Our lives have become so suffused with digital devices that it’s hard to imagine what things were like before. Watching a character in a dark alley in an old movie, I want to shout at the screen, “Use your cell phone, call for help!” Why don’t they ever listen?
Fortunately, what we can do is time-travel back to the past to rewrite these old stories in light of new technologies. Here, for example, is an excerpt from DeeDee Baldwin’s version of Pride and Prejudice as told through Facebook updates
Then there’s Matt Richtel’s take on Romeo and Juliet and texting
Juliet: Fakn death. C U Latr.
Romeo: gud plan.
So I’ve been thinking, what if Shakespeare had autocorrect on his quill pen? What if Wordsworth used speech-to-text instead of dictating his poems to his sister? These new technologies aren’t perfect. You say one thing, Siri types another. Writers spoiled by auto-correct and spell-check are too impatient to proofread anything, so all sorts of funny, embarrassing, or disastrous messages are getting sent.

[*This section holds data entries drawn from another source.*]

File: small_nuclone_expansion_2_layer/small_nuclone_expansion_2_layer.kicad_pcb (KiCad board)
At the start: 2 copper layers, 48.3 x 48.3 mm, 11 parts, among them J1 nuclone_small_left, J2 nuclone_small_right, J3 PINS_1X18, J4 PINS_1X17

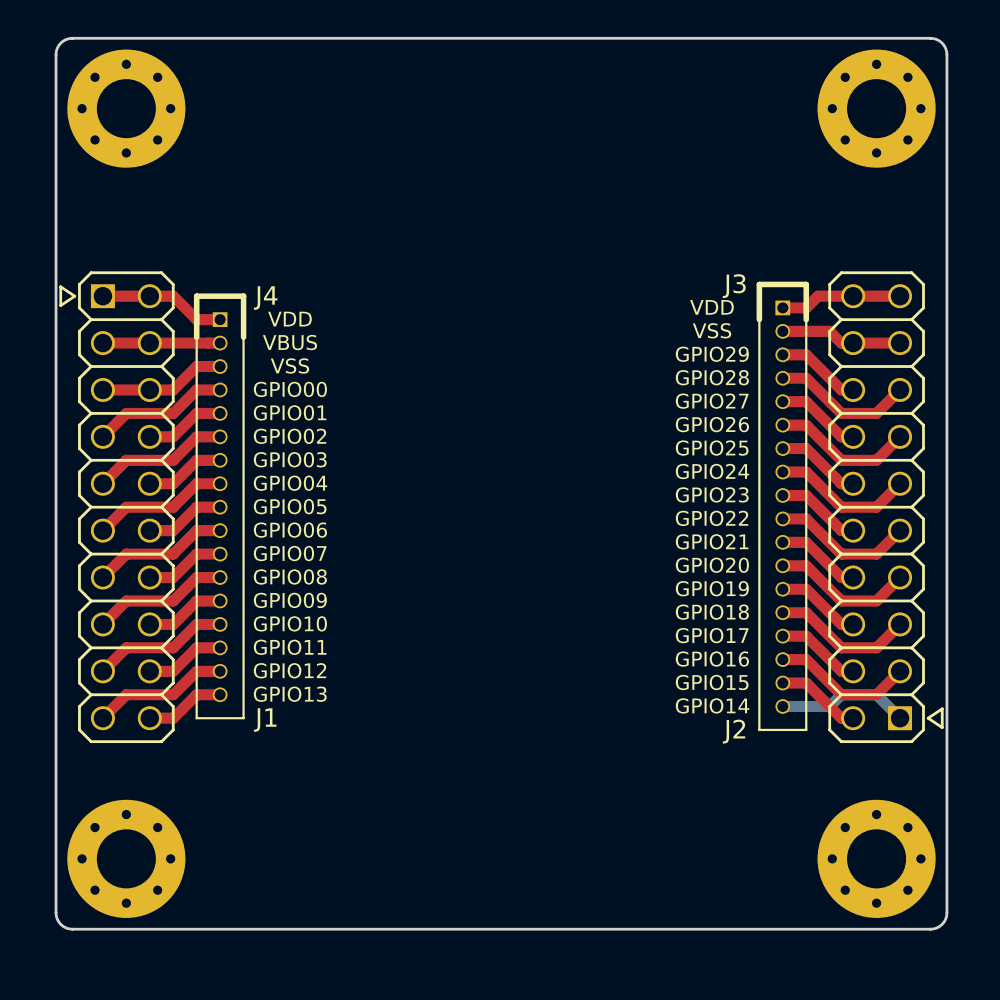
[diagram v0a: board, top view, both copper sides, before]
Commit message: updated small nuclone expansion board template with new mechanical outline
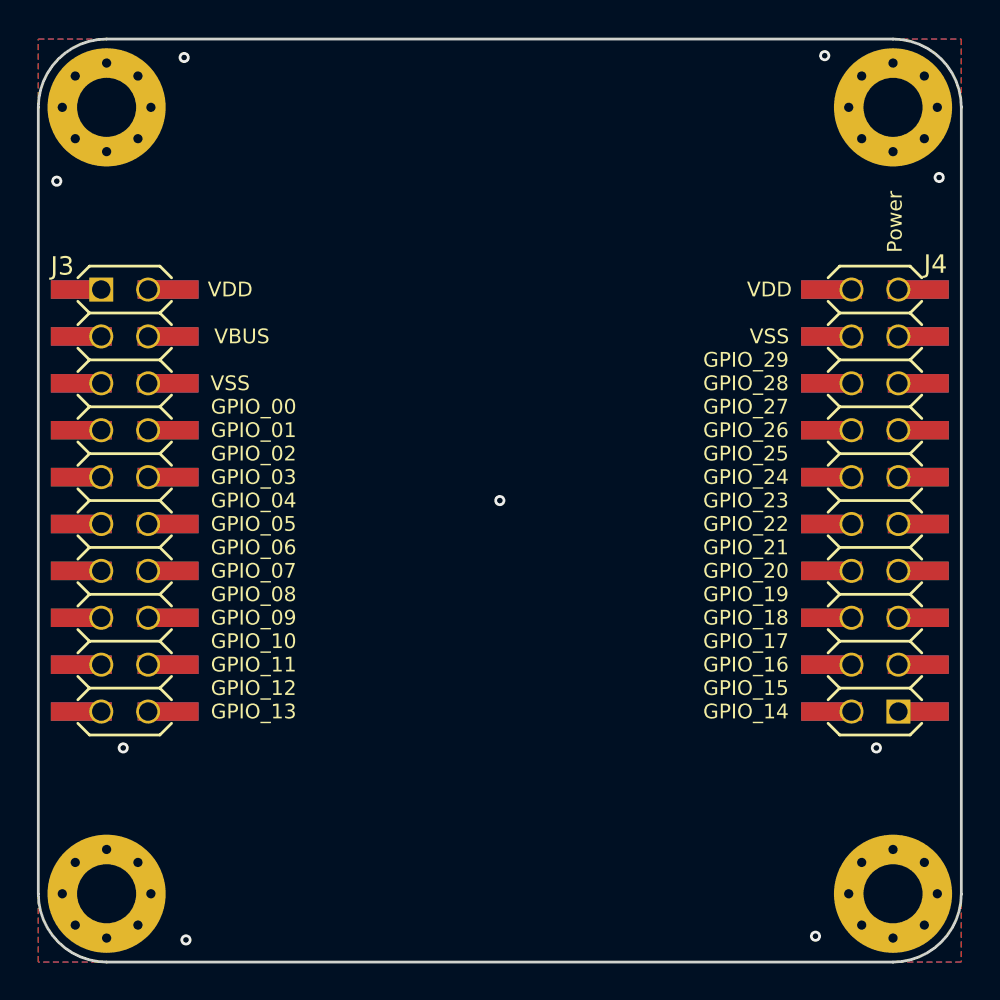
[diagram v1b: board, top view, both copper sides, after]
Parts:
- removed J1: nuclone_small_left, SquantorConnectors:Header-0254-2X10-H010
- removed J2: nuclone_small_right, SquantorConnectors:Header-0254-2X10-H010
- J3: value PINS_1X18 -> nuclone_small_left; footprint SquantorConnectors:Header-0127-1X18-H006 -> SquantorConnectorsNamed:nuclone_small_left_stacked
- J4: value PINS_1X17 -> nuclone_small_right; footprint SquantorConnectors:Header-0127-1X17-H006 -> SquantorConnectorsNamed:nuclone_small_right_stacked
- N1: footprint Symbol:OSHW-Symbol_6.7x6mm_SilkScreen -> Symbols:OSHW-Symbol_6.7x6mm_SilkScreen
- N2: value 20200808 -> V20220215
- moved J3 35.7 mm to (64.7, 86.0)
- moved J4 35.5 mm to (105.3, 86.0), turned to 90 degrees
- moved H4 2.17 mm to (63.7, 107.3)
- moved H3 2.09 mm to (106.3, 107.3)
- moved N2 1.98 mm to (85.0, 107.4), turned to 180 degrees
- moved N1 1.78 mm to (84.8, 103.7)
- moved N3 1.49 mm to (84.9, 108.9)
- moved H1 1.07 mm to (63.7, 64.7)
- moved H2 0.89 mm to (106.3, 64.7)
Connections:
- J3 pad 1: /VDD2 -> /VDD
- J3 pad 10: /GPIO_22 -> /GPIO_03
- J3 pad 11: /GPIO_21 -> /GPIO_04
- J3 pad 12: /GPIO_20 -> /GPIO_05
- J3 pad 13: /GPIO_19 -> /GPIO_06
- J3 pad 14: /GPIO_18 -> /GPIO_07
- J3 pad 15: /GPIO_17 -> /GPIO_08
- J3 pad 16: /GPIO_16 -> /GPIO_09
- J3 pad 17: /GPIO_15 -> /GPIO_10
- J3 pad 18: /GPIO_14 -> /GPIO_11
- J3 pad 2: /VSS2 -> /VDD
- J3 pad 3: /GPIO_29 -> /VBUS
- J3 pad 4: /GPIO_28 -> /VBUS
- J3 pad 5: /GPIO_27 -> /VSS
- J3 pad 6: /GPIO_26 -> /VSS
- J3 pad 7: /GPIO_25 -> /GPIO_00
- J3 pad 8: /GPIO_24 -> /GPIO_01
- J3 pad 9: /GPIO_23 -> /GPIO_02
- J4 pad 1: /VDD1 -> /GPIO_15
- J4 pad 10: /GPIO_06 -> /GPIO_22
- J4 pad 11: /GPIO_07 -> /GPIO_25
- J4 pad 12: /GPIO_08 -> /GPIO_24
- J4 pad 13: /GPIO_09 -> /GPIO_27
- J4 pad 14: /GPIO_10 -> /GPIO_26
- J4 pad 15: /GPIO_11 -> /GPIO_29
- J4 pad 16: /GPIO_12 -> /GPIO_28
- J4 pad 17: /GPIO_13 -> /VSS
- J4 pad 2: /VBUS -> /GPIO_14
- J4 pad 3: /VSS1 -> /GPIO_17
- J4 pad 4: /GPIO_00 -> /GPIO_16
- J4 pad 5: /GPIO_01 -> /GPIO_19
- J4 pad 6: /GPIO_02 -> /GPIO_18
- J4 pad 7: /GPIO_03 -> /GPIO_21
- J4 pad 8: /GPIO_04 -> /GPIO_20
- J4 pad 9: /GPIO_05 -> /GPIO_23
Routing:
- net /GPIO_22: track 7.67 -> 0.00 mm
- net /GPIO_18: track 7.67 -> 0.00 mm
- net /GPIO_28: track 7.67 -> 0.00 mm
- net /GPIO_24: track 7.67 -> 0.00 mm
- net /GPIO_20: track 7.67 -> 0.00 mm
- net /GPIO_16: track 7.67 -> 0.00 mm
- net /GPIO_26: track 7.67 -> 0.00 mm
- net /VDD1: track 7.51 -> 0.00 mm
- net /GPIO_12: track 7.40 -> 0.00 mm
- net /GPIO_10: track 7.40 -> 0.00 mm
- net /GPIO_06: track 7.40 -> 0.00 mm
- net /GPIO_02: track 7.40 -> 0.00 mm
- net /GPIO_08: track 7.40 -> 0.00 mm
- net /GPIO_04: track 7.40 -> 0.00 mm
- net /GPIO_00: track 7.40 -> 0.00 mm
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- added copper zone on B.Cu, net /VSS
- added copper zone on F.Cu, net /VSS
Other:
- board size 48.3 x 48.3 mm -> 50 x 50 mm
- net class Default: clearance 0.127 -> 0.1; trace_width 0.127 -> 0.2
- net class Power added: clearance 0.1, trace_width 0.6, via_dia 1.1, via_drill 0.8
- net class Signal added: clearance 0.1, trace_width 0.3, via_dia 0.6, via_drill 0.3
- rule pad_to_mask_clearance: 0.1 -> 0
- rule trace_clearance: 0.127 -> 0.1
- board text added: "Power"
- board text removed: "GPIO00"
- board text removed: "GPIO01"
- board text removed: "GPIO02"
- board text removed: "GPIO03"
- board text removed: "GPIO04"
- board text removed: "GPIO05"
- board text removed: "GPIO06"
- board text removed: "GPIO07"
- board text removed: "GPIO08"
- board text removed: "GPIO09"
- board text removed: "GPIO10"
- board text removed: "GPIO11"
- board text removed: "GPIO12"
- board text removed: "GPIO13"
- board text removed: "GPIO14"
- board text removed: "GPIO15"
- board text removed: "GPIO16"
- board text removed: "GPIO17"
- board text removed: "GPIO18"
- board text removed: "GPIO19"
- board text removed: "GPIO20"
- board text removed: "GPIO21"
- board text removed: "GPIO22"
- board text removed: "GPIO23"
- board text removed: "GPIO24"
- board text removed: "GPIO25"
- board text removed: "GPIO26"
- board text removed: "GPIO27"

But if these flawed but irresistible technologies had come along a few centuries ago, would Hamlet be soliloquizing, “Doobie or not doobie”? After all, the guy really needed to chill. Would Wordsworth have come across that host of golden daffodils as he wandered “lonely as a clown” o'er vales and hills?
Above: Patrick Stewart performs Hamlet’s soliloquy, “Letter B,” on Sesame Street. Below: Bozo the Clown solves the Riddle of the Sphinx as he wanders, lonely as clown, on his trip around the world (one of the less-offensive images from Bozo and His Rocket Ship [Capitol Records, 1946], a copy of which I owned, and memorized, as a child).
If the blind John Milton used text-to-speech for the epic Paradise Lost, we might be reading about “seitan chain’d on the burning lake” after the Fall, not Satan, and we'd be studying the seventeenth-century vegan poets, not the metaphysicals. And if William Blake, who illustrated his poems with etchings, had access to emoticons, his most famous poem, “Tyger, tyger burning bright,” might have wound up short enough to tweet. And Gulliver never gets back to England because Jonathan Swift upgraded to Apple Maps.
Above: The Tyger, from Songs of Innocence and Experience (1794), plate 42. Only part of the 24-line poem appears in this etching, although in other editions Blake inserted the whole poem in the illustration. Below: the full text of “The Tyger” if Blake had used emoji.
Back to the present, the keyboard may soon be ancient history. With speech-to-text on our all our digital devices, more and more writers are giving up typing in favor of the long-lost art of dictation.
Homer composed the Iliad and Odyssey out loud because in his day, that was the only way to create a poem, a story, or a memo (yes, a memo: there was plenty of business to be done in the days before writing, along with the occasional song to sing). But with voice recognition we’ve come full circle, and it won’t be long before today's writers throw away their quill pen apps, and “Siri, take a letter,” becomes “Siri, take a sonnet.”